[
https://issues.apache.org/jira/browse/HDDS-8765?page=com.atlassian.jira.plugin.system.issuetabpanels:all-tabpanel
]
Duong updated HDDS-8765:
------------------------
Description:
h2. Problem
Today, OM manages resource (volume, bucket) locks by LockManager, a component
enclosing a lock table as a ConcurrentHashMap to store all active locks. Locks
are dynamically allocated and destroyed in the lock table based on runtime
needs. This means, for every lock allocated, a usage count is kept up to date
to decide when the lock is no longer referenced.
The current performance of LockManager is limited by the cost of maintaining
individual lock liveness, aka, counting how many concurrent usages to a lock
and removing it from the lock table when it's no longer used.

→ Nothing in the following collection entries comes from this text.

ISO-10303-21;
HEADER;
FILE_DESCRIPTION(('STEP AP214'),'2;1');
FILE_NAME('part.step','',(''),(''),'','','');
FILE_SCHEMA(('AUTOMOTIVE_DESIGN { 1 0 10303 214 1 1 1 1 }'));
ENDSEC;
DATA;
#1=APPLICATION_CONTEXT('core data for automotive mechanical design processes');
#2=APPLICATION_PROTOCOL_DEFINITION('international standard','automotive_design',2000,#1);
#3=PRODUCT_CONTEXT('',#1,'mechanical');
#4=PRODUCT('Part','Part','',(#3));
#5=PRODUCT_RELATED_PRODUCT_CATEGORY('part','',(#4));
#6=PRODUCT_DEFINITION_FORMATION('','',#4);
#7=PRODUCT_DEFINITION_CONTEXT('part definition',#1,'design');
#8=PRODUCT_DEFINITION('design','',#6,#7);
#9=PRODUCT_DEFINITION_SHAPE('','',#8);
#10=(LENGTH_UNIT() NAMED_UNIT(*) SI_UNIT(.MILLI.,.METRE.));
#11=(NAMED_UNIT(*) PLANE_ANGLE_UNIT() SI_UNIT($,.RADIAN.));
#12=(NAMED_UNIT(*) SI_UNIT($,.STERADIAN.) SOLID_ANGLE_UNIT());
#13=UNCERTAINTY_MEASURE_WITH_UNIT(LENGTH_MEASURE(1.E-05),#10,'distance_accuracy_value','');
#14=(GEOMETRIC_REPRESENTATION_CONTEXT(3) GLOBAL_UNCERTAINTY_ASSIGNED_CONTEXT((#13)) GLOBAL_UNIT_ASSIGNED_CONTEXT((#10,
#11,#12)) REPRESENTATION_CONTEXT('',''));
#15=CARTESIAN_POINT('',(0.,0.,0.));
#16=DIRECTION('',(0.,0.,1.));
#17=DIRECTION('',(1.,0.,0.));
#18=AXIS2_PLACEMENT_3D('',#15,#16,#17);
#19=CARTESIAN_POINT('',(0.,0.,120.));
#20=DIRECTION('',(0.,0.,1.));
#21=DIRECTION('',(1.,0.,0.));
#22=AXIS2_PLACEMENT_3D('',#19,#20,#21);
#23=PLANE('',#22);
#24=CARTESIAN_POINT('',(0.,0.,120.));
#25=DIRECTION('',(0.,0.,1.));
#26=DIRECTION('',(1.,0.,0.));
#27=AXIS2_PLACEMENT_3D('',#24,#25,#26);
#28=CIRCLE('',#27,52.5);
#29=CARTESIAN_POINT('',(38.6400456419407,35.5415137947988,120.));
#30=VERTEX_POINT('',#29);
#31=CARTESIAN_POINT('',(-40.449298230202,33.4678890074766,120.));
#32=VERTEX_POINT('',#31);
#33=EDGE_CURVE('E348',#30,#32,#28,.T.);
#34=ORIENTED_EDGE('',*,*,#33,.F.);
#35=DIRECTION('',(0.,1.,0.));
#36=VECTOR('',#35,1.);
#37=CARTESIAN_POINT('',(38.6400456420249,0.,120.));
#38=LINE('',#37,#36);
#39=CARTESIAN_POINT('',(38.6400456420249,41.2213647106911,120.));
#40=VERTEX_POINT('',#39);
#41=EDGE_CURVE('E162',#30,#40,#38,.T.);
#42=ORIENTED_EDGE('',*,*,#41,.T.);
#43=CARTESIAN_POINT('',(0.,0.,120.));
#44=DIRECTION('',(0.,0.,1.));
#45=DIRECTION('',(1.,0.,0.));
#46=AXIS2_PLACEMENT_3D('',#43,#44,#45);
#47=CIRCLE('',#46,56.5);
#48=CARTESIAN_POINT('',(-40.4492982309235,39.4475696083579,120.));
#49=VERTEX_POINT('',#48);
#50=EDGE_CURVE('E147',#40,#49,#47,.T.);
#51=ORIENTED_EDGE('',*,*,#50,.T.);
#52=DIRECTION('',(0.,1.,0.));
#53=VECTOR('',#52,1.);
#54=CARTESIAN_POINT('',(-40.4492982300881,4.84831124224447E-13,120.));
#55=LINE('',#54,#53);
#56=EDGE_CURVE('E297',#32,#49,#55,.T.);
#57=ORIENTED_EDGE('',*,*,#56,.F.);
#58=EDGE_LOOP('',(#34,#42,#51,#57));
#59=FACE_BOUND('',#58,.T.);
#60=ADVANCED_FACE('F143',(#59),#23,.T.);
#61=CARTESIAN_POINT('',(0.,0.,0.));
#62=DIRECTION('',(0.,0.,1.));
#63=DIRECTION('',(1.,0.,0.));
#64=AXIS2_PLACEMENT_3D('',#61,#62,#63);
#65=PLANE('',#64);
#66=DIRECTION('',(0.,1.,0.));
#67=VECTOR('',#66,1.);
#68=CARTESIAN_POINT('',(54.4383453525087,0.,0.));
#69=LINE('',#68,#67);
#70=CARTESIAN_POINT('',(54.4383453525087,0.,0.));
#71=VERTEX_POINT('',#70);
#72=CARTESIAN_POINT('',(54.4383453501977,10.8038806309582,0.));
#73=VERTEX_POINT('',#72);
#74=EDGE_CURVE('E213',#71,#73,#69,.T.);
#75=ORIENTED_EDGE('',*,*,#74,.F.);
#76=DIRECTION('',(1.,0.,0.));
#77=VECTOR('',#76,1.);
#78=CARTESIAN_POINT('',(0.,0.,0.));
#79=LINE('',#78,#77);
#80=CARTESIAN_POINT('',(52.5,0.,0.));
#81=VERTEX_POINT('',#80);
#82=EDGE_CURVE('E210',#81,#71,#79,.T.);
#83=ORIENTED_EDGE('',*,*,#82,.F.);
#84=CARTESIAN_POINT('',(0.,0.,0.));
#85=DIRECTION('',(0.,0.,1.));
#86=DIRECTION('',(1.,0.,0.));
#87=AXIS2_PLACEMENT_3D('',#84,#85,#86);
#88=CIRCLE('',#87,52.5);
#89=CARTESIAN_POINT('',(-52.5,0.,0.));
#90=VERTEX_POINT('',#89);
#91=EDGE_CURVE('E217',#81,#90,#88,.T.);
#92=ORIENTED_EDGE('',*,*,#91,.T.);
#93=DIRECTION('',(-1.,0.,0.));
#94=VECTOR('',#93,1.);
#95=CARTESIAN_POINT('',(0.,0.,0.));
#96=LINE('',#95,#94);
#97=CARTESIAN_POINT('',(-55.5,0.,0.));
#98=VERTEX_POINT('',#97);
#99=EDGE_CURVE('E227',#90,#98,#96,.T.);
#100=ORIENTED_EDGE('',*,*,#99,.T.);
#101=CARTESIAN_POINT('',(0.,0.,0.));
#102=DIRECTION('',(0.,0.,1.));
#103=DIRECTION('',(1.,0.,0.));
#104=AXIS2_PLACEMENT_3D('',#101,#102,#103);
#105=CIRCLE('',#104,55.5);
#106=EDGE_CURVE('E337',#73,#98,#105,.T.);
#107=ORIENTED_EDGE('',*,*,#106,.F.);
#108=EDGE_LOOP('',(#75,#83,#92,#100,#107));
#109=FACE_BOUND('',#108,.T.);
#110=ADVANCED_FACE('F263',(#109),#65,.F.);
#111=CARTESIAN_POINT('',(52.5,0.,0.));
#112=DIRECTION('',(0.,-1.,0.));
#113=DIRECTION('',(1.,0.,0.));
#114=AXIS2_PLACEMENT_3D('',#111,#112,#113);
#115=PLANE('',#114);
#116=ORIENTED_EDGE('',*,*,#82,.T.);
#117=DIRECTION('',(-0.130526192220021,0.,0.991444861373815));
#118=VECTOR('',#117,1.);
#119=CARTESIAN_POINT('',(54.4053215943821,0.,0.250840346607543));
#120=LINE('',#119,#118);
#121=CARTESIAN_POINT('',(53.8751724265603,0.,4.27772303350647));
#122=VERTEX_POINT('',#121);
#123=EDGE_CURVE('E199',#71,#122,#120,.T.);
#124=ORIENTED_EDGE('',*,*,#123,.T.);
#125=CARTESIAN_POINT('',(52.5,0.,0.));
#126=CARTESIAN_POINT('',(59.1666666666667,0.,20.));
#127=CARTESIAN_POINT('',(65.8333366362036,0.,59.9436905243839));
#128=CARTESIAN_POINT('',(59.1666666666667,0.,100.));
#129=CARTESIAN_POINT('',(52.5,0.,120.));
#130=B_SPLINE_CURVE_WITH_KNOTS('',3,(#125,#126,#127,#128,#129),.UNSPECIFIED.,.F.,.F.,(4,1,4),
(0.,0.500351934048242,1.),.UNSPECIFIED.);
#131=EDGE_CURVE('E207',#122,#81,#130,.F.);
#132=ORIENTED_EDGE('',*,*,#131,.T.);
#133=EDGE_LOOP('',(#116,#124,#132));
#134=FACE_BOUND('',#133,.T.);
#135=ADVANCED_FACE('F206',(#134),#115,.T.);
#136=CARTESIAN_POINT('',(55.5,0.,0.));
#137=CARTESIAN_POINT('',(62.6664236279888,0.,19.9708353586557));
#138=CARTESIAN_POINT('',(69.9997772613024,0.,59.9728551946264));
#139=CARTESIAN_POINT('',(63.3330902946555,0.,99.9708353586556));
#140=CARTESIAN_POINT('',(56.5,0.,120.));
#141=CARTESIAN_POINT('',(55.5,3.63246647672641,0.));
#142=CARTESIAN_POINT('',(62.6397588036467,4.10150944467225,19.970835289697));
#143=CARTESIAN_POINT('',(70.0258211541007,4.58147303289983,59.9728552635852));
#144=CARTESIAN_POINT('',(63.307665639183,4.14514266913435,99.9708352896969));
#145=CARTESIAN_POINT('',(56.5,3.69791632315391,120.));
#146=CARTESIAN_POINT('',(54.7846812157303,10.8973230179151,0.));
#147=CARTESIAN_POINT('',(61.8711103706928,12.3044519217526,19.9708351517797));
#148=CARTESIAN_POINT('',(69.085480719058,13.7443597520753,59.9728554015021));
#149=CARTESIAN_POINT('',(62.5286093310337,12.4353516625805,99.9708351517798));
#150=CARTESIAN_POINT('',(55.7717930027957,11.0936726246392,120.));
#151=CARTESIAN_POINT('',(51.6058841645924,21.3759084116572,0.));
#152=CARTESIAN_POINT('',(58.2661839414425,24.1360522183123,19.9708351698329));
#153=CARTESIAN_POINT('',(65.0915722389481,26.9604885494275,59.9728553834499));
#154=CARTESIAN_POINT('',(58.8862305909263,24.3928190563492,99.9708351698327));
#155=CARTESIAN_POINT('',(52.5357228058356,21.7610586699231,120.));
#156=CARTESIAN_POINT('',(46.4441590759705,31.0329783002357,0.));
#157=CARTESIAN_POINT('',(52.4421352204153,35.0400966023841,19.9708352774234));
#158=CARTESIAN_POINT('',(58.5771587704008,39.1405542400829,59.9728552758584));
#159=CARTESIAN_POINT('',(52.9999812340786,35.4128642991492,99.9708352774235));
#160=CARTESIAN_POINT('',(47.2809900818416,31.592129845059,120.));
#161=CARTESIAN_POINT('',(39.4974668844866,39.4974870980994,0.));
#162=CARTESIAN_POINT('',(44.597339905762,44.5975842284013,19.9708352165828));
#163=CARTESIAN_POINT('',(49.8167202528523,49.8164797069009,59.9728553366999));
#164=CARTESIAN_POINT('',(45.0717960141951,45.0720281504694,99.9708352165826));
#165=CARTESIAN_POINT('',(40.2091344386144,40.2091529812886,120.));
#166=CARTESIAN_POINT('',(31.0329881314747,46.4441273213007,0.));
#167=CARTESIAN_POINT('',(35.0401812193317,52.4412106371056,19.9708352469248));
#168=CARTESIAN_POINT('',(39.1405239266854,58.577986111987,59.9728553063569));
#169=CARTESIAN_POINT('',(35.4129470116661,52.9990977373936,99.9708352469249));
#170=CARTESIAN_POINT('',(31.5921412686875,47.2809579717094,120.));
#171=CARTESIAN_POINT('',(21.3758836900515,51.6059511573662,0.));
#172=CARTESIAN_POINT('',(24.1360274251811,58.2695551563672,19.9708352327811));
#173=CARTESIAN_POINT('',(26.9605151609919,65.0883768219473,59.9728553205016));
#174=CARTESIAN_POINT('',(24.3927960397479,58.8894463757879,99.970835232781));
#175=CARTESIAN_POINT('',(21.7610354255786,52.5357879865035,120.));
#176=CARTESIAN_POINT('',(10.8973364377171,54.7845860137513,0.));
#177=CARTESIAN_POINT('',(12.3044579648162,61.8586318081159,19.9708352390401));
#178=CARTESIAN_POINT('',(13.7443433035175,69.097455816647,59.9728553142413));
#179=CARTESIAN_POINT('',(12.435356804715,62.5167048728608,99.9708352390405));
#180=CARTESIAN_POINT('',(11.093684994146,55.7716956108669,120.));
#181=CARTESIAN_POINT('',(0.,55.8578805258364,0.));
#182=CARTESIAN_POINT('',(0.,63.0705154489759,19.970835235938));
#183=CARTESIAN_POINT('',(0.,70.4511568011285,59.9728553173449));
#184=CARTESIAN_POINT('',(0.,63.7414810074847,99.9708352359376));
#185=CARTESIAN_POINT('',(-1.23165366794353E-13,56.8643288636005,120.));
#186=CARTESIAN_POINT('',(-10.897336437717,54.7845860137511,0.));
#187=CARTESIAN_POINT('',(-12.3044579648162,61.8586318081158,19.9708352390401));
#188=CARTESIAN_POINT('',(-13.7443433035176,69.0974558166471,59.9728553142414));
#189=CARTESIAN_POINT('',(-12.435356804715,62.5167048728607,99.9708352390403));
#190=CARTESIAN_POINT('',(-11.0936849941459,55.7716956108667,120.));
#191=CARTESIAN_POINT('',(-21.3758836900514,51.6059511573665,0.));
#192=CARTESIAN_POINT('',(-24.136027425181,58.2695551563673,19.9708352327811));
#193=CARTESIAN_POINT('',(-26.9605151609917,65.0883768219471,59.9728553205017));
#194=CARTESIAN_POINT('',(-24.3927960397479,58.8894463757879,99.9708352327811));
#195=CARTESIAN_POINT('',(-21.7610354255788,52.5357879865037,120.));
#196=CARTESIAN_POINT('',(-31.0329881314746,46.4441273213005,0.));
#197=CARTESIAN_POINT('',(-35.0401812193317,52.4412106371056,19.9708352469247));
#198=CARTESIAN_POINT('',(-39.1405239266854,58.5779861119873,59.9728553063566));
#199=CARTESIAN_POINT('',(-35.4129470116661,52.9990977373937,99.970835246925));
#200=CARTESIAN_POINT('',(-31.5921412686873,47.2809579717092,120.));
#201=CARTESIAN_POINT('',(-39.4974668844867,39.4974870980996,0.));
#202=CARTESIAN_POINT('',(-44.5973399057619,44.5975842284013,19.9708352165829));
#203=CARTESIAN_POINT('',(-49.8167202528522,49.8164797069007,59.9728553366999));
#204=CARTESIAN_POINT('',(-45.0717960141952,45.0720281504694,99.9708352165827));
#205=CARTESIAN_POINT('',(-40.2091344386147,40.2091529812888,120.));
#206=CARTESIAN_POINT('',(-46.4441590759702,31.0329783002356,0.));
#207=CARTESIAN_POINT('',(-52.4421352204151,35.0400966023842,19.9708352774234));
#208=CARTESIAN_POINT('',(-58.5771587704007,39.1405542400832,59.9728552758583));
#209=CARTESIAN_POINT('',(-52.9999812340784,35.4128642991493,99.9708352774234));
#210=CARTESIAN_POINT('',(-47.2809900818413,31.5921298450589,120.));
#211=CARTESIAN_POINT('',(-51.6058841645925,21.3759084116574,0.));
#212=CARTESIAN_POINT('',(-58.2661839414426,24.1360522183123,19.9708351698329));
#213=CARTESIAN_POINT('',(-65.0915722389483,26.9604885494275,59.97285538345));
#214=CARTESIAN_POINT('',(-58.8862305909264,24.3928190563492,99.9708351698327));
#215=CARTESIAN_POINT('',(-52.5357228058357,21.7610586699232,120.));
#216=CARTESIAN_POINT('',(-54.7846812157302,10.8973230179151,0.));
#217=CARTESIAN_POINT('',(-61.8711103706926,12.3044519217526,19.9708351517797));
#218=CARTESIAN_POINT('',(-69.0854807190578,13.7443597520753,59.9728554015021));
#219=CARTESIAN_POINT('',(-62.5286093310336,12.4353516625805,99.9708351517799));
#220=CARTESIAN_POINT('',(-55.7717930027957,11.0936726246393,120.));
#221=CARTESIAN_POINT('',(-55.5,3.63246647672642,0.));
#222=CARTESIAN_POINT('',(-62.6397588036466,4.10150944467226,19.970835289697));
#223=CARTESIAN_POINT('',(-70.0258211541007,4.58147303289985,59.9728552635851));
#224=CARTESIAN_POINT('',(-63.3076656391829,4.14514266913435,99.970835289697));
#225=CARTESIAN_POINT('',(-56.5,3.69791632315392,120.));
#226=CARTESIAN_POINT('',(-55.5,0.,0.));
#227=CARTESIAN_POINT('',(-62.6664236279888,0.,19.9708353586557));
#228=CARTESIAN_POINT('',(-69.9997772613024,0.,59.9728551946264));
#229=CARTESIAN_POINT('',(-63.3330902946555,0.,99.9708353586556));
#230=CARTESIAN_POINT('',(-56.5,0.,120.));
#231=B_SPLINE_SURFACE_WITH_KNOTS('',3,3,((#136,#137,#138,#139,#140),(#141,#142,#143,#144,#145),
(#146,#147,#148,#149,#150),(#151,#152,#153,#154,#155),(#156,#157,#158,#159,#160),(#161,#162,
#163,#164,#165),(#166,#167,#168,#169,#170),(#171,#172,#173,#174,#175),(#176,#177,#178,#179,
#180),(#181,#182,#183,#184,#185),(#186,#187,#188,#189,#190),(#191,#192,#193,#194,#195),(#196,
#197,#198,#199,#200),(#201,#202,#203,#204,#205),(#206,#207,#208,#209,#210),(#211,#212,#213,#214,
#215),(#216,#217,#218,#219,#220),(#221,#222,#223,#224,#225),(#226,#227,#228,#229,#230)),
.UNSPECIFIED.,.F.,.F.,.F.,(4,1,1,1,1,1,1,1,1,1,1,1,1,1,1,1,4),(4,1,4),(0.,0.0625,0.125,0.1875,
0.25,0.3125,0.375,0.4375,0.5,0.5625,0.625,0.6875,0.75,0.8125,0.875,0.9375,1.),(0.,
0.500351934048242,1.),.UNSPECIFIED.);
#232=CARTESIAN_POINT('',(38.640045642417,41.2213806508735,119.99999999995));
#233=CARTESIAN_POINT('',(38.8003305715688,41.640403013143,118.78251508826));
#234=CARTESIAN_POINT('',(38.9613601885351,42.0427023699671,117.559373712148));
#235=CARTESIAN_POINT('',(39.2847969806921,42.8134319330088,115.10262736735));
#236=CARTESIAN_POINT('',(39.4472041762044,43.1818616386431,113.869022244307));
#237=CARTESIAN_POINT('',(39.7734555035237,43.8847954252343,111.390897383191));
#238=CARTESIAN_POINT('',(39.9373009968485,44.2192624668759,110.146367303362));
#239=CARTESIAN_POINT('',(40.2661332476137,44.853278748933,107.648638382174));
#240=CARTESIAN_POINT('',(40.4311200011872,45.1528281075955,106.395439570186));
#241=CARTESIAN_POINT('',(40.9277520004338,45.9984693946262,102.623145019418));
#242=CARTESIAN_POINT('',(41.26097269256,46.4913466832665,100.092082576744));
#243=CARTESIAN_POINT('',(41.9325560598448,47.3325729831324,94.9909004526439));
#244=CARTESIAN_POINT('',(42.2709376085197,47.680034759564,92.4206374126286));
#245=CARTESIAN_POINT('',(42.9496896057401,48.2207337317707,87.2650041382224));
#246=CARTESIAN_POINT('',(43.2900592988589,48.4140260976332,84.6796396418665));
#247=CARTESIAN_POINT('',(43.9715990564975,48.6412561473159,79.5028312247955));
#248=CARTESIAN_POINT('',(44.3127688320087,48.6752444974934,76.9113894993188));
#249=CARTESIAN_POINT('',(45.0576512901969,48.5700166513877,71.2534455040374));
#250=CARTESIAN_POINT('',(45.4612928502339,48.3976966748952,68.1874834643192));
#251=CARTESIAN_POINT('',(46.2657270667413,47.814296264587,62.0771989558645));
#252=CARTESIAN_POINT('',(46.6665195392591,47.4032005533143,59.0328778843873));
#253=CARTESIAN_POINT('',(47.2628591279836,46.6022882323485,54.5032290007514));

This cost mainly incurs from the need to *synchronize* all the concurrent
access to every lock (or technically, a ConcurrentHashMap section) when:
# When getting the lock to obtain: create a lock object if it's not existing
in the table and increase the lock usage count.
# When releasing the lock: decrease the usage count and remove the lock when
the usage count is 0.
!Screenshot 2023-06-05 at 4.31.14 PM.png|width=764,height=243!
This synchronization is done internally inside ConcurrentHashMap's two methods:
_compute_ and {_}computeIfPresent{_}.
This synchronization creates a bottleneck when multiple threads try to obtain
and release the same lock, even for read locks.
h2. Experiment
I did an experiment of pure OM key reads in the same buckets with 100 reader
threads. The freon command looks like the following:
{code:java}
ozone freon ockrw -v duong -b obs --contiguous -n 50000000 -p zerobytes
--percentage-read=100 -r 5000000 -s 0 --size 0 -m -t 100 {code}
With the current code, the total OPPS tops at ~100K and getKeyInfo latency is
~800μs. The time taken to get a lock for obtaining and releasing the lock is
~40μs. Note that for each getKeyInfo request, OM obtains and releases volume
and bucket locks multiple times.
With a [quick and naive
change|https://github.com/duongkame/ozone/commit/91c2729cef1649f038b1560d260d41f91de4c0b2]
to remove the synchronization when getting and releasing the locks, the
getKeyInfo latency drops to ~400μs and total OPPS raises to ~160K. Time to get
and release lock drops to 4-5μs. Please note that this is just to demonstrate
the impact of the synchronization and not a practical change, as
synchronization is substantial to the correctness of the dynamic lock
management.
h2. Proposed solution
It's been shown that dynamic lock allocation (and deallocation) per resource is
costly, especially for hotspots like bucket/volume level locks. Synchronization
is costly even for a single thread access.
A simpler and more performant solution is lock stripping. The idea can be
easily explained as if we preallocate an array of locks and select the lock for
a resource based on its hashcode % array_size. Locks should be preallocated,
reused and never deallocated.
Implementation-wise, we don't need to reinvent the wheel but use Guava's
[Striped.|https://guava.dev/releases/19.0/api/docs/com/google/common/util/concurrent/Striped.html]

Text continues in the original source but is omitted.